WORK REQUEST = The result should be an exact copy of only the lines from the one with "(-310, 0, -17.5)" through the last line of the data below, with pictures omitted.

◆ ◆ ◆

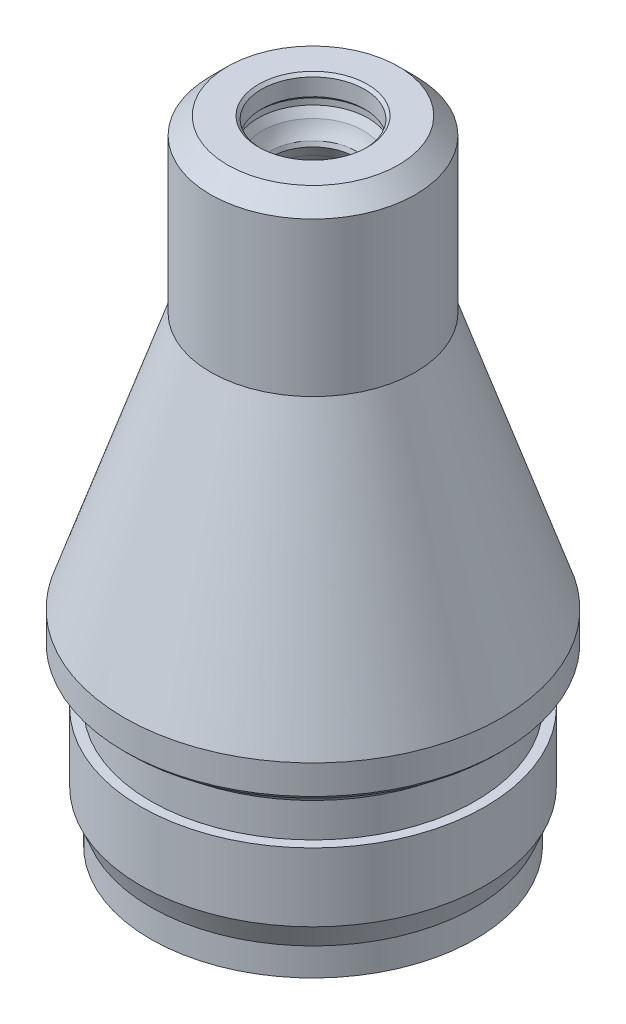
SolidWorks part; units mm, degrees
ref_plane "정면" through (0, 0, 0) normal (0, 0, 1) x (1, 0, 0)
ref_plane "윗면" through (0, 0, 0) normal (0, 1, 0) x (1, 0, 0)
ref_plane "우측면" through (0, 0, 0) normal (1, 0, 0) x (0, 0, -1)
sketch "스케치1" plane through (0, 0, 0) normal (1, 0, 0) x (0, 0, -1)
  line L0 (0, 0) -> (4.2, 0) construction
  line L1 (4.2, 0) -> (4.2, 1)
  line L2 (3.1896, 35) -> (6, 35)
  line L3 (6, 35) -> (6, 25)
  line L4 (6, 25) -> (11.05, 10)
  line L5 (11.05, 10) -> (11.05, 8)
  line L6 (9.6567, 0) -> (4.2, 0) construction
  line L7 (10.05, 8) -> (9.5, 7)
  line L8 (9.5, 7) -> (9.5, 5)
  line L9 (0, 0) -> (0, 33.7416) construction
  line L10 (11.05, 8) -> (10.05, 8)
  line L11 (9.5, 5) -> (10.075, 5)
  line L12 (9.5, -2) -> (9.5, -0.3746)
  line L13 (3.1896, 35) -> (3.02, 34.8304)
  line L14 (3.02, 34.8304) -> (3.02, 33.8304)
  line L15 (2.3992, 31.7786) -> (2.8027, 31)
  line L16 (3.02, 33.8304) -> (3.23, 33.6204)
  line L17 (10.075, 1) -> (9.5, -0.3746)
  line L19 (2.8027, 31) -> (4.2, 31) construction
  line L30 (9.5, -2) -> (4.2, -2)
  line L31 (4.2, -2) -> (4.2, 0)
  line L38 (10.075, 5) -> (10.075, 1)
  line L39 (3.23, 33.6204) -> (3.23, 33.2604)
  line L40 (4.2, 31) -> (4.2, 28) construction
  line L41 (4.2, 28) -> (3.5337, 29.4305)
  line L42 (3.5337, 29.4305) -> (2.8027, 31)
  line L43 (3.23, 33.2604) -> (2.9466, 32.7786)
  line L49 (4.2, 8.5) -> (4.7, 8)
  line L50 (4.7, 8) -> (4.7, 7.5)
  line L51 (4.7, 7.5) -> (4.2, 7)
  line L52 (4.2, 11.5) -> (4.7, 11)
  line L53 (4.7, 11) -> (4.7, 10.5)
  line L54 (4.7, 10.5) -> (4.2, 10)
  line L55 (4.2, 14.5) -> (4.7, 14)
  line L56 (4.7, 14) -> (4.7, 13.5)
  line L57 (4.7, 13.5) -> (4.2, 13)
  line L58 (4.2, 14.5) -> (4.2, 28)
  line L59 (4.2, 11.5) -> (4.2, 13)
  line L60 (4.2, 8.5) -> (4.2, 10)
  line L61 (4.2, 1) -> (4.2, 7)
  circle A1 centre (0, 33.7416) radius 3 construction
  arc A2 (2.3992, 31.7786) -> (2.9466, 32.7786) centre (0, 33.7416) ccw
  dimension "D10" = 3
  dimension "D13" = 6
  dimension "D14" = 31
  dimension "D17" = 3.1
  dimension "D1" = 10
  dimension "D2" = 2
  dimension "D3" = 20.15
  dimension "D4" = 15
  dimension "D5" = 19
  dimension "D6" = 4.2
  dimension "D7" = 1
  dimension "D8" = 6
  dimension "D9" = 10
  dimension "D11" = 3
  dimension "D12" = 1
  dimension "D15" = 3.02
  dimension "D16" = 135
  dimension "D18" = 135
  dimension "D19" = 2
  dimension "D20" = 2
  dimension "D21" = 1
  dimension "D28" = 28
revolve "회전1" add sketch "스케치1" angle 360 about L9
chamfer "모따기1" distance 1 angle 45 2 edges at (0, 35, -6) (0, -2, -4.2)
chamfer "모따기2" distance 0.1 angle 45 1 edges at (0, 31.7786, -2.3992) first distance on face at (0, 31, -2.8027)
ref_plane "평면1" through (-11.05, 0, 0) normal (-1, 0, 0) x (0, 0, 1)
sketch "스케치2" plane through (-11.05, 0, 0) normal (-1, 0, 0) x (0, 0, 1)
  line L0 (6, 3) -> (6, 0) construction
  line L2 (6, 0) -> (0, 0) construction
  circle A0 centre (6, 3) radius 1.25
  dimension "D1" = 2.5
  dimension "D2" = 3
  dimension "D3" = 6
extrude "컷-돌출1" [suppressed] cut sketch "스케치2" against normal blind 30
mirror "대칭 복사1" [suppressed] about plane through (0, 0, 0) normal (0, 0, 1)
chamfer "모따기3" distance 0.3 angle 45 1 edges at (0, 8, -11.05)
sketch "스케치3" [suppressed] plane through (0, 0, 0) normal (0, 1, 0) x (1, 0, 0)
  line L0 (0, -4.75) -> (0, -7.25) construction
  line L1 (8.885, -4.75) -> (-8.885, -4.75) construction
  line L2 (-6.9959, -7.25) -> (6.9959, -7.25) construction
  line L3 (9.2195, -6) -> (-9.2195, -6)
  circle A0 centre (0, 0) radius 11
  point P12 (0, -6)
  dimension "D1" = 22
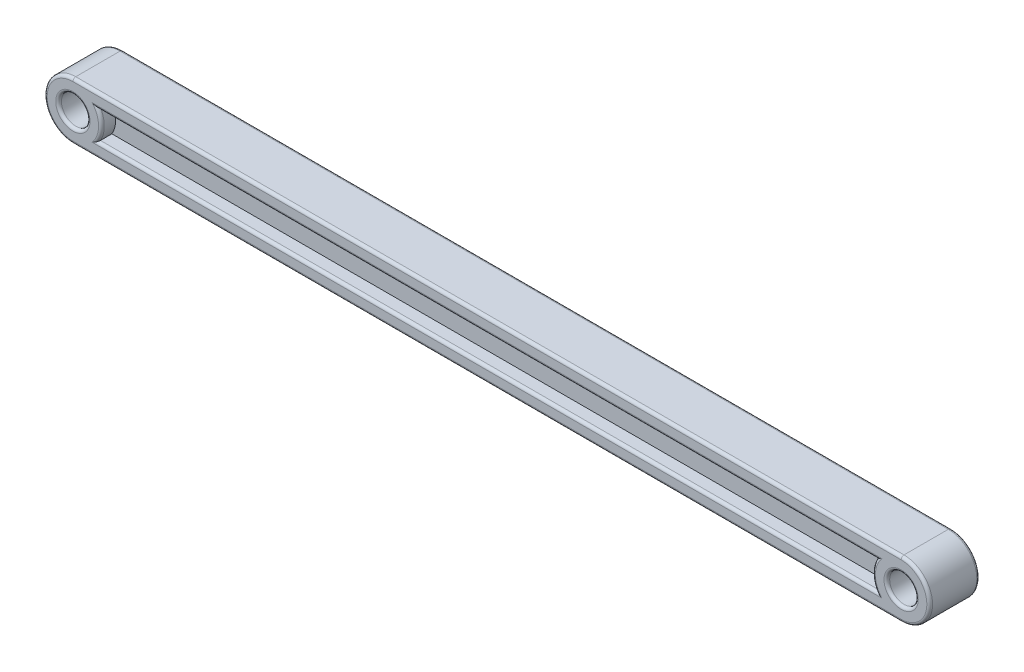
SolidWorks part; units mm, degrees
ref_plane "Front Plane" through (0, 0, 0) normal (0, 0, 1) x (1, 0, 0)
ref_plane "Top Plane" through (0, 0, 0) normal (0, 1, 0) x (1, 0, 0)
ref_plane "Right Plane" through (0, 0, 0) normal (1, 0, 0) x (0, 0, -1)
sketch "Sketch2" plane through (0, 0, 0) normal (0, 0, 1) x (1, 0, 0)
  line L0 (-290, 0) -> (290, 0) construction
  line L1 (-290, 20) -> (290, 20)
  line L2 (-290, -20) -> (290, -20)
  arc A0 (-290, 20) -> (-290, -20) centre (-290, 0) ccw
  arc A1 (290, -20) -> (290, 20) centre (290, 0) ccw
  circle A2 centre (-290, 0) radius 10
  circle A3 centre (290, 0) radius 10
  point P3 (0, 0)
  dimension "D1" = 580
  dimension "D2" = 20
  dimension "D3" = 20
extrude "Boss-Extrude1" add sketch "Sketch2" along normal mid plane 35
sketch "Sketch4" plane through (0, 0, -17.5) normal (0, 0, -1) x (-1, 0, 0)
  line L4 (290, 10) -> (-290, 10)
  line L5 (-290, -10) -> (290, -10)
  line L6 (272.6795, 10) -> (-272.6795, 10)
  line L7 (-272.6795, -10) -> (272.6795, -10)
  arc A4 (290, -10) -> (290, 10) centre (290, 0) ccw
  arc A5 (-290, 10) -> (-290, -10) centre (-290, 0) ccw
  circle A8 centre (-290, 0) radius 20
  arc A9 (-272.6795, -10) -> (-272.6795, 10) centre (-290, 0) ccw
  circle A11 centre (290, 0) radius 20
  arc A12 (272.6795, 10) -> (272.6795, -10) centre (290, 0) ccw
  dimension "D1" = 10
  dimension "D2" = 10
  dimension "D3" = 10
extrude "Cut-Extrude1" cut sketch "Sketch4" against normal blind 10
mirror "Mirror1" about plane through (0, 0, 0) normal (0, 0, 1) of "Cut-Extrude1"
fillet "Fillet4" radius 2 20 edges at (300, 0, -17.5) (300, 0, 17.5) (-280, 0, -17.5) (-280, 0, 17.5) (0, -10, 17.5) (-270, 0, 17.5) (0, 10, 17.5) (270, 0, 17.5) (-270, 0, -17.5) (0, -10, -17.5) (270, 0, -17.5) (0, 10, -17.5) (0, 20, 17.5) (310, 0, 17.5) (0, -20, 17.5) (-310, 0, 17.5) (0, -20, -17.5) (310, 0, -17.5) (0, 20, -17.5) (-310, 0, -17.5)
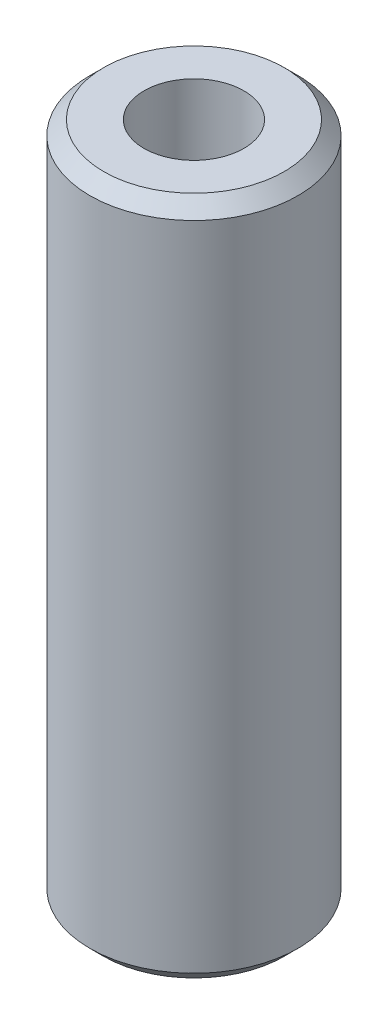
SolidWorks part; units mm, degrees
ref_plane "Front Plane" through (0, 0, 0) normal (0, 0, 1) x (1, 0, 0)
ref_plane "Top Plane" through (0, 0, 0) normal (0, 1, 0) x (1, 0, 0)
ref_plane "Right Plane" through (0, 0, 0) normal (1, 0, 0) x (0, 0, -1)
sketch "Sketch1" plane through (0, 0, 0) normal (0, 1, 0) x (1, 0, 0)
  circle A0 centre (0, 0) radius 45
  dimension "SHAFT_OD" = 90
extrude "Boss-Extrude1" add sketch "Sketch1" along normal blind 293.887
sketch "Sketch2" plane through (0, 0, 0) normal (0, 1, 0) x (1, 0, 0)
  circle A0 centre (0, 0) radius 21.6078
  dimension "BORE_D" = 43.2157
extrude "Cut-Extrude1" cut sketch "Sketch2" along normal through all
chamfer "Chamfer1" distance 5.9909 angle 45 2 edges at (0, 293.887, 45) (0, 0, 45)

◆ ◆ ◆

TASK RESPONSE =
fillet "Fillet4" radius 2 20 edges at (300, 0, -17.5) (300, 0, 17.5) (-280, 0, -17.5) (-280, 0, 17.5) (0, -10, 17.5) (-270, 0, 17.5) (0, 10, 17.5) (270, 0, 17.5) (-270, 0, -17.5) (0, -10, -17.5) (270, 0, -17.5) (0, 10, -17.5) (0, 20, 17.5) (310, 0, 17.5) (0, -20, 17.5) (-310, 0, 17.5) (0, -20, -17.5) (310, 0, -17.5) (0, 20, -17.5) (-310, 0, -17.5)
SolidWorks part; units mm, degrees
ref_plane "Front Plane" through (0, 0, 0) normal (0, 0, 1) x (1, 0, 0)
ref_plane "Top Plane" through (0, 0, 0) normal (0, 1, 0) x (1, 0, 0)
ref_plane "Right Plane" through (0, 0, 0) normal (1, 0, 0) x (0, 0, -1)
sketch "Sketch1" plane through (0, 0, 0) normal (0, 1, 0) x (1, 0, 0)
  circle A0 centre (0, 0) radius 45
  dimension "SHAFT_OD" = 90
extrude "Boss-Extrude1" add sketch "Sketch1" along normal blind 293.887
sketch "Sketch2" plane through (0, 0, 0) normal (0, 1, 0) x (1, 0, 0)
  circle A0 centre (0, 0) radius 21.6078
  dimension "BORE_D" = 43.2157
extrude "Cut-Extrude1" cut sketch "Sketch2" along normal through all
chamfer "Chamfer1" distance 5.9909 angle 45 2 edges at (0, 293.887, 45) (0, 0, 45)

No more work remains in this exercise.